Differentiability of Special Functions

Lets consider some special functions are:

1. f(x) = [x], which is the greatest integer of x, and the other one
2. f(x) = {x}, which is the fractional part of x

For f(x) = [x]

So, first, we go with f(x) = [x], to check the differentiability of the function we have to plot the graph first. So let’s plot the graph

So as we see in the graph that between 0 and 1 the value of the function is 0 and between 1 and 2 the value of the function is 1 and between 2 and 3 the value of the function is 2, Similarly on the -ve side between -1 and 0 the value of the function is -1. So if we talk about the domain of the function the domain is the entire value of real values but the range of this function is only integers, the function will take only integer values because it is the greatest integer of x.

Now let us talk about the differentiability of this particular function. Firstly we are talking about integer points, so firstly we are checking the differentiability at integer points. As we know for the function to be differentiable the function should continuous first, as we see the graph at point x = 1,

At integer point,

Consider x =1 

RHL = lim_{x -> 1+} [x] = 1

LHL = lim_{x -> 1-} [x] = 0 

So, RHL ≠ LHL    

It is checked for x = 1, but it will valid for all the integer points result will be the same. [x] is not continuous at integer points, So it is not differentiable at integer points. So, [x] is not continuous at integer points. It is also not differentiable at integer points.
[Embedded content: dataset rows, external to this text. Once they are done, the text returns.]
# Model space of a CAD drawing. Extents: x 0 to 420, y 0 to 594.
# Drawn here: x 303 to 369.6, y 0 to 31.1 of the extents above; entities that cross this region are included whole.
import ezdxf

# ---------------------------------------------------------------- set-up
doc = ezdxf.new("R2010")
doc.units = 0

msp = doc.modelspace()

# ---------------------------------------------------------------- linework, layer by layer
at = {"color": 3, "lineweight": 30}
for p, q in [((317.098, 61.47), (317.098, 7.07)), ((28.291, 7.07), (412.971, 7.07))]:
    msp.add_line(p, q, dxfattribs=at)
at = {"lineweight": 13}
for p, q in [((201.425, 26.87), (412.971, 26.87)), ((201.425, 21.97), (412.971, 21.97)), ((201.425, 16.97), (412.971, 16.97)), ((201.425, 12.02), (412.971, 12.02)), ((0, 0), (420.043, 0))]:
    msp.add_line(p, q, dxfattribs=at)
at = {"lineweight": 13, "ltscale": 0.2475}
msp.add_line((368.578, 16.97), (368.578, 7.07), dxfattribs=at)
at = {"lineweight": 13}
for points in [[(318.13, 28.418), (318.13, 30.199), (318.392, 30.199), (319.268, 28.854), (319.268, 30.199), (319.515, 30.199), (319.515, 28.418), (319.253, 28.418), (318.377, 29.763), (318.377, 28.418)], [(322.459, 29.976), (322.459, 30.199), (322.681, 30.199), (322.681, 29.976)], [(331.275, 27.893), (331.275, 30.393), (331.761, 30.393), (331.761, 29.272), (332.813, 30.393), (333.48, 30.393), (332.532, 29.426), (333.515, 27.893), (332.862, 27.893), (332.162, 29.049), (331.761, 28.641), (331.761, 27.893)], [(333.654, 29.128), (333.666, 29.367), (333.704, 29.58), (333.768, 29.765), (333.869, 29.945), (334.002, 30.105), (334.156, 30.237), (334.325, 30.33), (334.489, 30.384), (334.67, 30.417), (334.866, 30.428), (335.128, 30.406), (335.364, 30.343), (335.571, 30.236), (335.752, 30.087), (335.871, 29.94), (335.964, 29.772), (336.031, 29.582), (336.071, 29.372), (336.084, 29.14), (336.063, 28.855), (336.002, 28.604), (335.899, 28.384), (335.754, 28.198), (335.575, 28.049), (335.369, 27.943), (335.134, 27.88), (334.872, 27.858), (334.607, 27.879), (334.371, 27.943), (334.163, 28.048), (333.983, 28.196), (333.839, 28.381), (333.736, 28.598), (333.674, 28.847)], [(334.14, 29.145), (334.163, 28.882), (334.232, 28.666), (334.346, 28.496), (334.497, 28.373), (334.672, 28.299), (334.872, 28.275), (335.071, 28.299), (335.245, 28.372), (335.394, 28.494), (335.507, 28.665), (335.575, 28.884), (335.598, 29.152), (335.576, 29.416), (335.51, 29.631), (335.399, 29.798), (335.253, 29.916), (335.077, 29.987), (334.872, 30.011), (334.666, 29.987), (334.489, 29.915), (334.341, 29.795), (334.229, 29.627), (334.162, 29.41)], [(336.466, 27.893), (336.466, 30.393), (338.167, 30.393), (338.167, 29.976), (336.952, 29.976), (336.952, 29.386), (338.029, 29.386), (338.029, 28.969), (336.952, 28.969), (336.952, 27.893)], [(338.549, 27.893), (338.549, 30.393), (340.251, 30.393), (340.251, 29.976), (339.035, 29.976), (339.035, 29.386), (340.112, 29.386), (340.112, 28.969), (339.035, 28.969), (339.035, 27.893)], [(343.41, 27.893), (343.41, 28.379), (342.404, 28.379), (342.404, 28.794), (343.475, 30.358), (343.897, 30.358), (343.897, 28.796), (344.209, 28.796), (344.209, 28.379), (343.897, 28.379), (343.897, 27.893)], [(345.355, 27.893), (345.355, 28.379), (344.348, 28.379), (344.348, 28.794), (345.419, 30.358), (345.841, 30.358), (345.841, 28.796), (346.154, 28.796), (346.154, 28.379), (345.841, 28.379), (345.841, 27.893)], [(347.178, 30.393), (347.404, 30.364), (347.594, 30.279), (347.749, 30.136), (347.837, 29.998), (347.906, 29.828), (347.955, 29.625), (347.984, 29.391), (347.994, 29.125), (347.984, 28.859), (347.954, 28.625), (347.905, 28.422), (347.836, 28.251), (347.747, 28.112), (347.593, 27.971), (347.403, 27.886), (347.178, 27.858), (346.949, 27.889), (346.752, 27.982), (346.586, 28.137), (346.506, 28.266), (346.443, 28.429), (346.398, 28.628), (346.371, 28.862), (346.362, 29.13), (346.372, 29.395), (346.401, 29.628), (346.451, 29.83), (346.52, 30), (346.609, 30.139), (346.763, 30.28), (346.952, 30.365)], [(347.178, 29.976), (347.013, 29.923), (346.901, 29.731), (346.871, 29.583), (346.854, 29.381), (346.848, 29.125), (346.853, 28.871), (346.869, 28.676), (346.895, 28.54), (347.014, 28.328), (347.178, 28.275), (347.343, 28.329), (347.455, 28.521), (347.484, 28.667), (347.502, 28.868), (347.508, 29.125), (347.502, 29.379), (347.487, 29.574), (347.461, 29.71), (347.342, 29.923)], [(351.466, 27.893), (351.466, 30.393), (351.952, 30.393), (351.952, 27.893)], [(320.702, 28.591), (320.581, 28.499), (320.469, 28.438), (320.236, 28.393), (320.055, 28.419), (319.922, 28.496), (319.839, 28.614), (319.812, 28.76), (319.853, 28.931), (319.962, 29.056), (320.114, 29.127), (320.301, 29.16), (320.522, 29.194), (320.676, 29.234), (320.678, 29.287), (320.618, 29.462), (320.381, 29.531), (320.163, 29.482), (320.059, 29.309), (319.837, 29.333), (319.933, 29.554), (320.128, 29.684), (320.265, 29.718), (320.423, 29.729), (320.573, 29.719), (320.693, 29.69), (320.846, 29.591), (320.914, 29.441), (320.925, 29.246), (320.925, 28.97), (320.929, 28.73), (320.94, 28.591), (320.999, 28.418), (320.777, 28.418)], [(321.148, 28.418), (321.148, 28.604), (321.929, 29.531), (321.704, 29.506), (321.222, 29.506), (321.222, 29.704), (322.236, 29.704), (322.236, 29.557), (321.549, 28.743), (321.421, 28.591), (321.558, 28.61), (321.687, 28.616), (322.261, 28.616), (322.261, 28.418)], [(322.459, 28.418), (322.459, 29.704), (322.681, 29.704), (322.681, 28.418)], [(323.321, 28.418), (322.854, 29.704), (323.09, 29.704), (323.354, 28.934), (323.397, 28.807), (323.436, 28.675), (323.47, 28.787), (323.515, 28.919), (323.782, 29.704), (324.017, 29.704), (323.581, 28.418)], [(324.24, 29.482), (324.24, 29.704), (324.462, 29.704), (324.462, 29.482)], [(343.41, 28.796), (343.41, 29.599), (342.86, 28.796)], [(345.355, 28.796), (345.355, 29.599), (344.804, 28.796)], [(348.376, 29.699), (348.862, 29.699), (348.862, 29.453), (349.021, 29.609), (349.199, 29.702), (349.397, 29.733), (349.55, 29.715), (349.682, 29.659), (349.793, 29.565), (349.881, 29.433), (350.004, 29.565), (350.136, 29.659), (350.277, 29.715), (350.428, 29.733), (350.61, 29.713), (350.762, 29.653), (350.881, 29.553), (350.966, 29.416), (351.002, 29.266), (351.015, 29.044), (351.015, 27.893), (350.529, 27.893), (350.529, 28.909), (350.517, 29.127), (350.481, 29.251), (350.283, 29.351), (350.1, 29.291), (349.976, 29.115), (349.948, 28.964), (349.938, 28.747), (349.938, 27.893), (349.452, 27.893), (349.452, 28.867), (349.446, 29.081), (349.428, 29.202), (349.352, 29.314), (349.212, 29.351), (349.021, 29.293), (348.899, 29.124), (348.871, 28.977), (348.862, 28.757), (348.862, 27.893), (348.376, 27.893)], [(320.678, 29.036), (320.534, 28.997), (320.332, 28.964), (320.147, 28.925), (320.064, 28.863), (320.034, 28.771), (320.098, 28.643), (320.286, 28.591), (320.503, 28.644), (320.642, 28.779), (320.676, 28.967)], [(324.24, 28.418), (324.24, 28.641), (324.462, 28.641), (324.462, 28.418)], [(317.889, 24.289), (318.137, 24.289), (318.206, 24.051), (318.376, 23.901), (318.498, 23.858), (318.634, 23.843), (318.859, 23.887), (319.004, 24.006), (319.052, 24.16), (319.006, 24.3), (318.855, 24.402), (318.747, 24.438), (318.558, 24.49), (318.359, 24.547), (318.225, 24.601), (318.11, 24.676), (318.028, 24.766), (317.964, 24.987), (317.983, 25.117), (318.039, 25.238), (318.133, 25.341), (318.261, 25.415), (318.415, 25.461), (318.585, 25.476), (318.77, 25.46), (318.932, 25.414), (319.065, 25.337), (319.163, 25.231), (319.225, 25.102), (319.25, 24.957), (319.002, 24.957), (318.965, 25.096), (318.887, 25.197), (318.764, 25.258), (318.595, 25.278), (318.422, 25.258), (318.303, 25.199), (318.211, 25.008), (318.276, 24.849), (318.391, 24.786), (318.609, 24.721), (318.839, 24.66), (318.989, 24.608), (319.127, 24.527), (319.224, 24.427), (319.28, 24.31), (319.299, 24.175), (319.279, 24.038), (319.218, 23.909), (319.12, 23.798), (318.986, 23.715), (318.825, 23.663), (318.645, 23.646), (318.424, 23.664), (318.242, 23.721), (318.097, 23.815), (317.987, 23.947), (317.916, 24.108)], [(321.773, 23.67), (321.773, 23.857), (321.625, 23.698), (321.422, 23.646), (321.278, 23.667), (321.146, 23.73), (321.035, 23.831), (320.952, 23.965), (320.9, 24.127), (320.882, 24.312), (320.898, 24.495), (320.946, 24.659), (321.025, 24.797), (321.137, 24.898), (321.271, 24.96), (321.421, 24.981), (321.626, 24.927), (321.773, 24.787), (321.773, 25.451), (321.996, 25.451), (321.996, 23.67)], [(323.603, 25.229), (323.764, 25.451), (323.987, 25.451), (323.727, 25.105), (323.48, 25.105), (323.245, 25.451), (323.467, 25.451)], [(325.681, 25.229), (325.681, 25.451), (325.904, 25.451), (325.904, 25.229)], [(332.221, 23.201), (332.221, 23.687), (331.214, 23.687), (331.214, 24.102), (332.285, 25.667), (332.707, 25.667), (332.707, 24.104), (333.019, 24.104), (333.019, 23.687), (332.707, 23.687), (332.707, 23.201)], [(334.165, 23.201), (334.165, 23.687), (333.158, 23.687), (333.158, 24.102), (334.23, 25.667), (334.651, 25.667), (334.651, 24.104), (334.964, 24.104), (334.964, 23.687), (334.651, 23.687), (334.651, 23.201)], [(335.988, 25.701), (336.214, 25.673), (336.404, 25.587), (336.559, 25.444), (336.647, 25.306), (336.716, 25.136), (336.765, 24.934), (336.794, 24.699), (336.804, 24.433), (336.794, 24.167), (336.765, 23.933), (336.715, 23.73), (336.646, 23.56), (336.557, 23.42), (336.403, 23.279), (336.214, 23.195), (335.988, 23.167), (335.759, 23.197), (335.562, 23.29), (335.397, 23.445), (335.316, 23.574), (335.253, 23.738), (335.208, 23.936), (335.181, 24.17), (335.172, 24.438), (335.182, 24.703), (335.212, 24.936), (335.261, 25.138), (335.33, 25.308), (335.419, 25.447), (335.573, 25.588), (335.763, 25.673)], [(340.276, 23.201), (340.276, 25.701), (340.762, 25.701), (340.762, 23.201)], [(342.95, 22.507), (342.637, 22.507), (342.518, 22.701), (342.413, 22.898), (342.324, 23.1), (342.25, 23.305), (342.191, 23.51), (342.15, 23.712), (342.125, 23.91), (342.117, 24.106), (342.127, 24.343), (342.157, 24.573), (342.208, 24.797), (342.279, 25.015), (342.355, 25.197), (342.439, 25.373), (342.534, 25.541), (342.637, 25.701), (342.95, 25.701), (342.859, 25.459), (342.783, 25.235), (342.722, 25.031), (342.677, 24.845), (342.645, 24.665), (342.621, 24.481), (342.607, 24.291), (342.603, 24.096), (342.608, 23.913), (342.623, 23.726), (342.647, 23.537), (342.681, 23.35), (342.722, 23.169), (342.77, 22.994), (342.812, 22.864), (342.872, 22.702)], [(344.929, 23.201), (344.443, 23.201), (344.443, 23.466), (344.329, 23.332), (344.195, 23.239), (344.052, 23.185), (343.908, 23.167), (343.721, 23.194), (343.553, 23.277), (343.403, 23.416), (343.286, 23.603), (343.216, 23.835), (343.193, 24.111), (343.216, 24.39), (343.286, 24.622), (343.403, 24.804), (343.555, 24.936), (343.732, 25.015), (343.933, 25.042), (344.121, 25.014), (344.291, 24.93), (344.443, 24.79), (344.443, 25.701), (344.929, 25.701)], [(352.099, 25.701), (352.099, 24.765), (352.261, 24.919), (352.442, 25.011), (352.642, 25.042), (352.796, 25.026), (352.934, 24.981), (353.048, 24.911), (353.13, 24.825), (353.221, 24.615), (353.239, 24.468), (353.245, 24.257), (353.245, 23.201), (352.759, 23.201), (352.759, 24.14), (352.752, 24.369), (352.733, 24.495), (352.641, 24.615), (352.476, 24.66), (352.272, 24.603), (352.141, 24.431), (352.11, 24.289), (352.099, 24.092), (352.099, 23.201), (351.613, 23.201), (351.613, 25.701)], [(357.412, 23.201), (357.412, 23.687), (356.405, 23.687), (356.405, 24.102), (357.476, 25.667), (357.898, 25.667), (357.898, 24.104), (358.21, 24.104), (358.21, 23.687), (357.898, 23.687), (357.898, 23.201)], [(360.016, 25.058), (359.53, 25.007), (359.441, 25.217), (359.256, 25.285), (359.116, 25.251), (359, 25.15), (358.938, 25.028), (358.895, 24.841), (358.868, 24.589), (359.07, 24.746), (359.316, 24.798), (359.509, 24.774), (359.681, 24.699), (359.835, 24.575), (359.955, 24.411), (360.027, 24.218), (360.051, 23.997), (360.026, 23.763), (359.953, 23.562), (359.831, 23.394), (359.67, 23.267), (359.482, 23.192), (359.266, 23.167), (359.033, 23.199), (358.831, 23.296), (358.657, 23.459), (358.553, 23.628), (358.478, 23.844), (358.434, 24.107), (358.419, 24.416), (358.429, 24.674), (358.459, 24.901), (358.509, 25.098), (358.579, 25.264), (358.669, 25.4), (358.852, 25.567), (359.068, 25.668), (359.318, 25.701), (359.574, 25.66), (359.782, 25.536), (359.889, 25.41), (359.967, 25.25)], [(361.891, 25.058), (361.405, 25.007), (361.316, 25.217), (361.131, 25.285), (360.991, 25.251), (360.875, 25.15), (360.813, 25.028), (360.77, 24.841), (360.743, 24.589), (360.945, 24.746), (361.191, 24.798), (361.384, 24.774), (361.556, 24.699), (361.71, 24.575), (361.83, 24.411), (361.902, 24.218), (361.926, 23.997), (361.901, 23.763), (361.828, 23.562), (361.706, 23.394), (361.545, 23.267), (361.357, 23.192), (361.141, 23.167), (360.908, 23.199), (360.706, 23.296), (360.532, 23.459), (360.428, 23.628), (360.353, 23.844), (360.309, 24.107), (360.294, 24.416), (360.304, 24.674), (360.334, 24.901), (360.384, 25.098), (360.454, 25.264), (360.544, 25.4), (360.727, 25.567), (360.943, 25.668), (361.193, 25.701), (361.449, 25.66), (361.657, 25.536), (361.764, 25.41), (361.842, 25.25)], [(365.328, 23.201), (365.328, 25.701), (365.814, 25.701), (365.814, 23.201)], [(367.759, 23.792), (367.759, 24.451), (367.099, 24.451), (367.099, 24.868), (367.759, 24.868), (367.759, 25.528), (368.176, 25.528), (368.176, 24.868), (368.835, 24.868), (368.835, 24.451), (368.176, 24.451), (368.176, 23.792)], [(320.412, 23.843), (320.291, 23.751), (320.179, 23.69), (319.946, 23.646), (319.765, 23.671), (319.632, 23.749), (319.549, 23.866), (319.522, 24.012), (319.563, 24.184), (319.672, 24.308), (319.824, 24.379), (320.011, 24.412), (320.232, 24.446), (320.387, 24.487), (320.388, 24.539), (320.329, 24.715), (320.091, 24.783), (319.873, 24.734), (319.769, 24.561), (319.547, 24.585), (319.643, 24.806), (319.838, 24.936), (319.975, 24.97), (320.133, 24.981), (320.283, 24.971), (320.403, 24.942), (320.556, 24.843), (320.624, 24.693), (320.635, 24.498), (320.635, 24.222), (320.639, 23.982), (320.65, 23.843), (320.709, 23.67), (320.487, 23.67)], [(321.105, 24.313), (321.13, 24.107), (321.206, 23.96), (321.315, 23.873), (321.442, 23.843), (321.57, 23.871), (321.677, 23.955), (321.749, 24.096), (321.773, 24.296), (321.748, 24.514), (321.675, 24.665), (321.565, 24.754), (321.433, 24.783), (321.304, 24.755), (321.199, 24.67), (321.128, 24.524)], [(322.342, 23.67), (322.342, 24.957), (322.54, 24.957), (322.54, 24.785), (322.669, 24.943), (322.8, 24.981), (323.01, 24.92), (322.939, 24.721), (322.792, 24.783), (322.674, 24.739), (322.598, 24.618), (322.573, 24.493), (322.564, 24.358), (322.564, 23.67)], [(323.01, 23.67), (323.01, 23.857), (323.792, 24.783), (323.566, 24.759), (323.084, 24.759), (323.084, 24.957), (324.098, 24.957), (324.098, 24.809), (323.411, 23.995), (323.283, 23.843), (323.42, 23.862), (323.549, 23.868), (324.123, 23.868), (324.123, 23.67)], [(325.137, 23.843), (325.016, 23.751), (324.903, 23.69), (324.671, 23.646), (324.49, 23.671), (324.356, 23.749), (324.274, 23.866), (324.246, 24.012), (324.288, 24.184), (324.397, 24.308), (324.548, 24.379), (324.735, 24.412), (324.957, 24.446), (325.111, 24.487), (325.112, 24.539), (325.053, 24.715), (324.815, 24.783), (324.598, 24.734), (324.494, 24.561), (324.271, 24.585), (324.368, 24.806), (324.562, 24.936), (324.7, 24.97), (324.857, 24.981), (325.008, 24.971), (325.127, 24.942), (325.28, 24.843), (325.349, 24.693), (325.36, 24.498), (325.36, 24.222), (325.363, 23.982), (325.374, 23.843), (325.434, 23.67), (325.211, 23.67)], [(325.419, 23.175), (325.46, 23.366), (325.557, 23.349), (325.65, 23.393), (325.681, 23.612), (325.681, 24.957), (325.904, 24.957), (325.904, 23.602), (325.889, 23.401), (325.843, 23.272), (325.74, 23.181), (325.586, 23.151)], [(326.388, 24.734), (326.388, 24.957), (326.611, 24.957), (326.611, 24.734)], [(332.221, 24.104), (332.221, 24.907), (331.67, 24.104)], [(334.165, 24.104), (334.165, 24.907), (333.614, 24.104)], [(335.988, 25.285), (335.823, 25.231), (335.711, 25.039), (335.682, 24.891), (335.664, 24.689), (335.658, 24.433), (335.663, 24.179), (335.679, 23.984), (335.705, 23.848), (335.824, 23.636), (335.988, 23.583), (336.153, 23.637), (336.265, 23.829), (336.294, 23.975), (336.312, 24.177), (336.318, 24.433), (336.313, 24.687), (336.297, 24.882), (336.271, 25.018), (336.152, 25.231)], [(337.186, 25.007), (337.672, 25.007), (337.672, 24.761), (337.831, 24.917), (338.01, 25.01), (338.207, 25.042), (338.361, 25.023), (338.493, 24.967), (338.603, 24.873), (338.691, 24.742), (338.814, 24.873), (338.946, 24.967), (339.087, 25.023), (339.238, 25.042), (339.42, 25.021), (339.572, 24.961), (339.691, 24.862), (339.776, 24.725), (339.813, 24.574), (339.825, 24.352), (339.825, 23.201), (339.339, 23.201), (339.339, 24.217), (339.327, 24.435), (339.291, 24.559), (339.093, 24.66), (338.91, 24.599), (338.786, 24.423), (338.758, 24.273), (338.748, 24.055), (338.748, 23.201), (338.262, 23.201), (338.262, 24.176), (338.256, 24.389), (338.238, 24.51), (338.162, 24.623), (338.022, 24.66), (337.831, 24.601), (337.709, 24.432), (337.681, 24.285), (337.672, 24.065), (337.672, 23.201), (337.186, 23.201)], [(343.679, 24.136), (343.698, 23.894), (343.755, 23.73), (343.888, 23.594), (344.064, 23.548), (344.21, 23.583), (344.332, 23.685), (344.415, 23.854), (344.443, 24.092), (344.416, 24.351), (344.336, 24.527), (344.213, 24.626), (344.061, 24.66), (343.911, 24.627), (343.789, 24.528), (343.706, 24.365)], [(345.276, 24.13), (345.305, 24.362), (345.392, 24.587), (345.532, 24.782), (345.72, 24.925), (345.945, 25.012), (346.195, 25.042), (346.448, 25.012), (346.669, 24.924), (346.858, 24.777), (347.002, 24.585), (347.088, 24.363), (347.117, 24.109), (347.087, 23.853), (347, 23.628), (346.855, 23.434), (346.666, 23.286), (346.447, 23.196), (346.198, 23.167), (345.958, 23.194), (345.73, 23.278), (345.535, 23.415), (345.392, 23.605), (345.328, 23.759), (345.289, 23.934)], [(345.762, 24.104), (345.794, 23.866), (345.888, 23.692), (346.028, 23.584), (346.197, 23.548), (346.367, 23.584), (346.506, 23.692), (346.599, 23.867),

Now, let us find what is happening on non-integer points. Let us consider x = 2.5, let’s find RHL and LHL

RHL = lim_{x -> 2.5+} [x] = 2

LHL = lim_{x -> 2.5-} [x] = 2   

Since both RHL and LHL are equal, so our function [x] is continuous at a non-integer point. Now we have to check the differentiability at non-integer points, so we have to find the slope of the function which we can find by finding the derivative of the function [x] at point 2.5

f'(x) = d[x] / dx at x = 2.5 = 0 

Therefore, the function is differentiable at all non-integer points.

For f(x) = {x}

Now we are considering the second function which f(x) = {x} which is the fractional part of x. To find the differentiability and continuity we have to plot the graph first.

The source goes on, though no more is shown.